Some time ago, one of the attorneys in the office gave me a modified Holga camera.
Long story short about Holgas: They're toy cameras, basically, made out of cheap plastic. They leak light. The plastic lens distorts the image. The film doesn't stay very taut. That's all part of the charm. Lots of
artsy photographers are obsessed with them.
One guy seems to make a living
modifying Holgas. Mine is the
pinhole Holga without the shutter or cable release. After taking my second roll of film with it, I stripped off the velcro (ripping off the velcro cover made the whole thing move) and now I just have a piece of electrical tape over the pinhole.
Roll 1 (black & white) was sort of a disaster. I took it to New York with me and had no clue what to do with it. The exposures are all wrong. I didn't have a tripod, so I set it on top of a garbage bin which appears in the bottom third of every shot.
Roll 2 was better. Also black & white, I used it with a little tripod here in the Capitol building with long exposure times (two minutes or so). My digital camera acted as a light meter of sorts: I'd set up the Holga, then point the 20D set at ISO 400 (like the film) and see what it wanted for a shutter speed at f/2.8 or f/8, and figure out with a chart the Holga's exposure.
Roll 3 was in color and a little better.
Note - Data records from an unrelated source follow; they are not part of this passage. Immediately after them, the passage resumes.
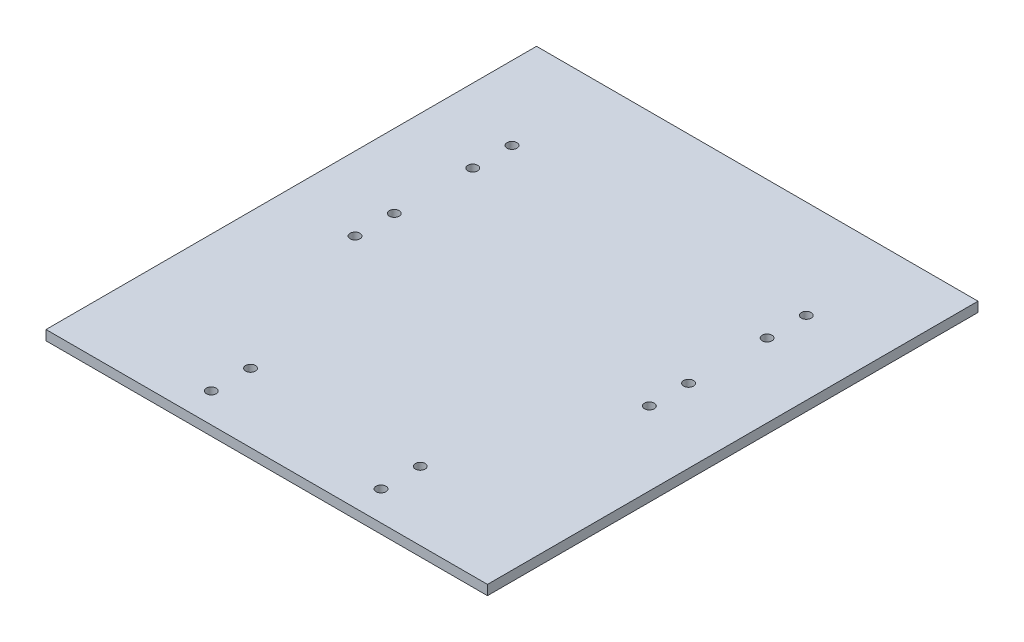
SolidWorks part; units mm, degrees
ref_plane "Front Plane" through (0, 0, 0) normal (0, 0, 1) x (1, 0, 0)
ref_plane "Top Plane" through (0, 0, 0) normal (0, 1, 0) x (1, 0, 0)
ref_plane "Right Plane" through (0, 0, 0) normal (1, 0, 0) x (0, 0, -1)
sketch "Sketch1" plane through (0, 0, 0) normal (0, 1, 0) x (1, 0, 0)
  line L1 (112.5, -125) -> (-112.5, -125)
  line L2 (112.5, -125) -> (112.5, 125)
  line L3 (112.5, 125) -> (-112.5, 125)
  line L4 (-112.5, -125) -> (-112.5, 125)
  line L5 (112.5, -125) -> (-112.5, 125) construction
  line L6 (112.5, 125) -> (-112.5, -125) construction
  point P0 (0, 0)
  dimension "D1" = 225
  dimension "D2" = 250
extrude "Body" add sketch "Sketch1" along normal blind 5
sketch "Sketch2" plane through (0, 5, 0) normal (0, 1, 0) x (1, 0, 0)
  line L0 (-1000, 35) -> (49000, 35) construction
  line L1 (0, -1000) -> (0, 49000) construction
  line L2 (-75, 75) -> (-75, 55) construction
  circle A0 centre (-75, 75) radius 2.5
  circle A1 centre (-75, 55) radius 2.5
  circle A2 centre (75, 55) radius 2.5
  circle A3 centre (75, 75) radius 2.5
  circle A4 centre (75, -5) radius 2.5
  circle A5 centre (75, 15) radius 2.5
  circle A6 centre (-75, -5) radius 2.5
  circle A7 centre (-75, 15) radius 2.5
  point P10 (-75, 65)
  dimension "D1" = 20
  dimension "D2" = 5
  dimension "D3" = 150
  dimension "D4" = 60
  dimension "D5" = 35
extrude "Fixation_Holes" cut sketch "Sketch2" against normal through all
sketch "Sketch3" plane through (0, 5, 0) normal (0, 1, 0) x (1, 0, 0)
  line L0 (0, -1000) -> (0, 49000) construction
  line L1 (-43.25, -90) -> (-43.25, -110) construction
  line L2 (-112.5, -125) -> (112.5, -125) construction
  circle A0 centre (-43.25, -90) radius 2.5
  circle A1 centre (-43.25, -110) radius 2.5
  circle A3 centre (43.25, -90) radius 2.5
  circle A4 centre (43.25, -110) radius 2.5
  point P5 (-43.25, -100)
  point P8 (-44.8283, -50)
  dimension "D2" = 20
  dimension "D3" = 5
  dimension "D1" = 86.5
  dimension "D4" = 25
extrude "Holes" cut sketch "Sketch3" against normal through all

I shot with that one last week, during the end of the session. I can't believe how vibrant the colors are, but they're kind of extreme - either YELLOW or BLUE. I used some longer exposure times, as long as five minutes, to help see some of the darker corners of the building. I tried to get more people in them, but every time I started an exposure, the people would leave (totally by coincidence - they never even noticed me).
The camera doesn't always have the same vignetting. Sometimes it has a weird/cool concentric circle of light off-center. And sometimes not.
I've posted Rolls 2 & 3 over here on Flickr. They're all straight from the CD I get with the film negatives and prints from Showcase, no work on them at all.
I need a better tripod, one whose head doesn't wobble. Maybe then I can get some sharper images.